Washington DC – The Vatican released an official assessment on global economics entitled, “‘Oeconomicae et pecuniariae quaestiones” or “Considerations for an ethical discernment regarding some aspects of the present economic-financial system.” The document calls for improvements in global finance policies on debt resolution, taxation, financial crisis prevention and transparency.
“The recent financial crisis might have provided the occasion to develop a new economy, more attentive to ethical principles, and a new regulation of financial activities that would neutralise predatory and speculative tendencies and acknowledge the value of the actual economy,” reads the Vatican statement. “Although there have been many positive efforts at various levels which should be recognized and appreciated, there does not seem to be any inclination to rethink the obsolete criteria that continue to govern the world. On the contrary, the response seems at times like a return to the heights of myopic egoism, limited by an inadequate framework that, excluding the common good, also excludes from its horizons the concern to create and spread wealth, and to eliminate the inequality so pronounced today,” continues the Vatican assessment.

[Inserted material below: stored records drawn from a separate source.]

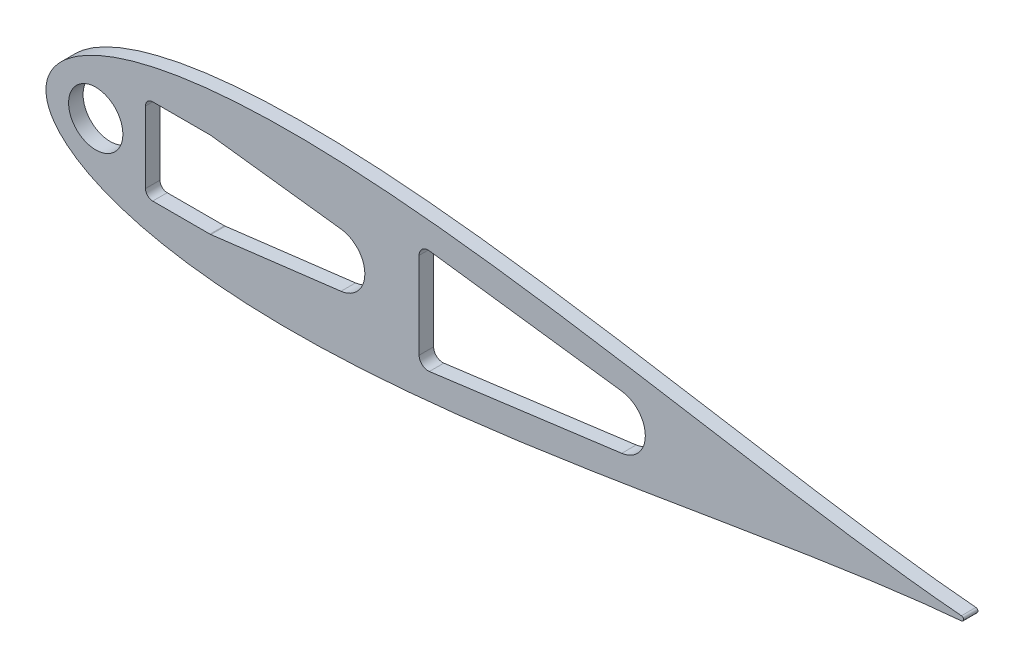
SolidWorks part; units mm, degrees
ref_plane "Front Plane" through (0, 0, 0) normal (0, 0, 1) x (1, 0, 0)
ref_plane "Top Plane" through (0, 0, 0) normal (0, 1, 0) x (1, 0, 0)
ref_plane "Right Plane" through (0, 0, 0) normal (1, 0, 0) x (0, 0, -1)
curve "Curve4"
  spline degree 3 poles (100, 0, 0) (99.8498, 0.0023, 0) (99.4759, 0.008, 0) (99.1023, 0.0238, 0) (98.8789, 0.0332, 0) knots 0 0 0 0 0.401829 1 1 1 1
curve "Curve5"
  spline degree 3 poles (99.3714, -0.0082, 0) (100.2526, 0, 0) (99.3714, 0.0082, 0) (98.8504, 0.035, 0) (97.904, 0.0811, 0) (96.8285, 0.1543, 0) (95.5159, 0.2583, 0) (94.013, 0.3972, 0) (92.313, 0.574, 0) (90.4281, 0.791, 0) (88.3655, 1.0495, 0) (86.1348, 1.3497, 0) (83.7456, 1.691, 0) (81.2082, 2.0715, 0) (78.5335, 2.4886, 0) (75.7326, 2.9386, 0) (72.8172, 3.4168, 0) (69.799, 3.9177, 0) (66.6904, 4.435, 0) (63.5039, 4.9616, 0) (60.2521, 5.4899, 0) (56.948, 6.0119, 0) (53.6049, 6.519, 0) (50.2363, 7.0024, 0) (46.8558, 7.4534, 0) (43.4774, 7.8632, 0) (40.1152, 8.2232, 0) (36.7837, 8.5249, 0) (33.4975, 8.7606, 0) (30.2716, 8.923, 0) (27.1211, 9.0055, 0) (24.0614, 9.0025, 0) (21.108, 8.909, 0) (18.277, 8.7213, 0) (15.5843, 8.4369, 0) (13.0466, 8.0543, 0) (10.6806, 7.5735, 0) (8.5039, 6.996, 0) (6.5349, 6.3253, 0) (4.7933, 5.5673, 0) (3.3001, 4.7321, 0) (2.0777, 3.8366, 0) (1.1467, 2.91, 0) (0.5165, 2.0014, 0) (0.165, 1.1816, 0) (0.0231, 0.524, 0) (-0.0093, 0, 0) (0.0231, -0.524, 0) (0.165, -1.1816, 0) (0.5165, -2.0014, 0) (1.1467, -2.91, 0) (2.0777, -3.8366, 0) (3.3001, -4.7321, 0) (4.7933, -5.5673, 0) (6.5349, -6.3253, 0) (8.5039, -6.996, 0) (10.6806, -7.5735, 0) (13.0466, -8.0543, 0) (15.5843, -8.4369, 0) (18.277, -8.7213, 0) (21.108, -8.909, 0) (24.0614, -9.0025, 0) (27.1211, -9.0055, 0) (30.2716, -8.923, 0) (33.4975, -8.7606, 0) (36.7837, -8.5249, 0) (40.1152, -8.2232, 0) (43.4774, -7.8632, 0) (46.8558, -7.4534, 0) (50.2363, -7.0024, 0) (53.6049, -6.519, 0) (56.948, -6.0119, 0) (60.2521, -5.4899, 0) (63.5039, -4.9616, 0) (66.6904, -4.435, 0) (69.799, -3.9177, 0) (72.8172, -3.4168, 0) (75.7326, -2.9386, 0) (78.5335, -2.4886, 0) (81.2082, -2.0715, 0) (83.7456, -1.691, 0) (86.1348, -1.3497, 0) (88.3655, -1.0495, 0) (90.4281, -0.791, 0) (92.313, -0.574, 0) (94.013, -0.3972, 0) (95.5159, -0.2583, 0) (96.8285, -0.1543, 0) (97.904, -0.0811, 0) (98.8504, -0.035, 0) (99.3714, -0.0082, 0) (100.2526, 0, 0) (99.3714, 0.0082, 0) knots -0.009667 -0.005395 -0.002168 0 0.002168 0.005395 0.009667 0.014967 0.021271 0.028553 0.036781 0.04592 0.055932 0.066773 0.078397 0.090755 0.103793 0.117456 0.131686 0.146422 0.1616 0.177156 0.193024 0.209135 0.225421 0.241812 0.258238 0.274629 0.290914 0.307025 0.322893 0.338448 0.353626 0.368361 0.38259 0.396253 0.40929 0.421647 0.43327 0.444109 0.454119 0.463255 0.471479 0.478755 0.485052 0.490344 0.49461 0.497833 0.5 0.502167 0.50539 0.509656 0.514948 0.521245 0.528521 0.536745 0.545881 0.555891 0.56673 0.578353 0.59071 0.603747 0.61741 0.631639 0.646374 0.661552 0.677107 0.692975 0.709086 0.725371 0.741762 0.758188 0.774579 0.790865 0.806976 0.822844 0.8384 0.853578 0.868314 0.882544 0.896207 0.909245 0.921603 0.933227 0.944068 0.95408 0.963219 0.971447 0.978729 0.985033 0.990333 0.994605 0.997832 1 1.002168 1.005395 1.009667 periodic
sketch "Sketch2" plane through (0, 0, 0) normal (0, 0, 1) x (1, 0, 0)
  line L0 (642.3793, 0) -> (0, 0) construction
  circle A14 centre (642.3793, 0) radius 1.5875 construction
  arc A15 (642.5108, -1.582) -> (642.5108, 1.582) centre (642.3793, 0) ccw
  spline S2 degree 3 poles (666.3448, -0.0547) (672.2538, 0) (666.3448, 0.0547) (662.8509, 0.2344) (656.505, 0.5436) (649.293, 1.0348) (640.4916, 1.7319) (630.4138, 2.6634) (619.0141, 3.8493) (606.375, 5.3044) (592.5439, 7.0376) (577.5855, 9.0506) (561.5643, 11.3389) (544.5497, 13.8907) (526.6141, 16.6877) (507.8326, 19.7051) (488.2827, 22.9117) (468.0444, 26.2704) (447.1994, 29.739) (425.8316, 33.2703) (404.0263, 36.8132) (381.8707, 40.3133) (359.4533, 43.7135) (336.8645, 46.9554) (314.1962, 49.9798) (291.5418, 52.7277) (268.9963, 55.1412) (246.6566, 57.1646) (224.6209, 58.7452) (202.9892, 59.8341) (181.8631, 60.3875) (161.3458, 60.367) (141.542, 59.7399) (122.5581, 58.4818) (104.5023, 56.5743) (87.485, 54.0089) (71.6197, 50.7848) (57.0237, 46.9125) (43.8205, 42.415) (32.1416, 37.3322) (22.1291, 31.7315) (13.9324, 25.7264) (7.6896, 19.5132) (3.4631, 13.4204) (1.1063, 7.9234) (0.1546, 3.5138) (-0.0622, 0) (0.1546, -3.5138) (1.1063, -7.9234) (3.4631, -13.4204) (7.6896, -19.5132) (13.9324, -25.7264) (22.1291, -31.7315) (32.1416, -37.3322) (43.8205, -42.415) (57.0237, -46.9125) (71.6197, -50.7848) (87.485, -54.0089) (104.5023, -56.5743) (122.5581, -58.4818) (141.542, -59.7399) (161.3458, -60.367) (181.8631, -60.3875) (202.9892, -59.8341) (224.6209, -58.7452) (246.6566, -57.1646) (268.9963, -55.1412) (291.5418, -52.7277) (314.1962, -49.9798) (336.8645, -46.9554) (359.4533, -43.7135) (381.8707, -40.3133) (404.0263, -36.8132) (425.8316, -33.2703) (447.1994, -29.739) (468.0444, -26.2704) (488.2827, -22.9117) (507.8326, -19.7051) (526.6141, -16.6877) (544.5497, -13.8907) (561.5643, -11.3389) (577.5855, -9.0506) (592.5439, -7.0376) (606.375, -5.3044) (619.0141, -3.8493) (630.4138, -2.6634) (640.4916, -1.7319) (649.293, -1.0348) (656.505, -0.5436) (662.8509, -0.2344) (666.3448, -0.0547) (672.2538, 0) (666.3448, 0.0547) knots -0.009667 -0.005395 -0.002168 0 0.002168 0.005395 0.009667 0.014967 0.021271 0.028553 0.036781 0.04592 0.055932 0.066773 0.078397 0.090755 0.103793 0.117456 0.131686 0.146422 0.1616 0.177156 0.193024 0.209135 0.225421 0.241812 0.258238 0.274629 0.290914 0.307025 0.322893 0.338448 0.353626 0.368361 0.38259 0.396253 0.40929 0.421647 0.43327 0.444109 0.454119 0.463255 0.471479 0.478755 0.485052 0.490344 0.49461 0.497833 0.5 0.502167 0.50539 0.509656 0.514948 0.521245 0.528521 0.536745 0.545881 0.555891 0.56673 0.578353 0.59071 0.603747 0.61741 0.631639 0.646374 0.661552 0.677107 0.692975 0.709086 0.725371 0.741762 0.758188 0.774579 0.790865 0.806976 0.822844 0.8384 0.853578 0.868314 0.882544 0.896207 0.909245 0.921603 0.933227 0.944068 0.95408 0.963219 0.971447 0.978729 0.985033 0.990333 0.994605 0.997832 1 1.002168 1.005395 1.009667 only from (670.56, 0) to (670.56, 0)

“The Catholic Church offers a profound analysis of what we need to prevent the next financial crisis and promote greater inclusion in our economic system,” noted Jubilee USA Executive Director Eric LeCompte. LeCompte advises religious and Catholic Church leaders on the impacts of financial policies on vulnerable populations. “Debt, tax and trade policies are at the center of this debate and the Vatican is noting we need greater transparency in our economy.”
The Vatican takes on a number of financial issues in their 15-page release including tax havens, debt relief, interest rates and risky market behavior. The document was authored jointly by the Congregation for the Doctrine of the Faith and the Dicastery for Promoting Integral Human Development.
“This document is significant because it carries the full weight of Catholic teaching that asserts that a financial system must serve all human beings, not just the interests of a few,” stated LeCompte who serves on United Nation finance expert groups. “The Vatican is seeking to influence policies that can address inequality.”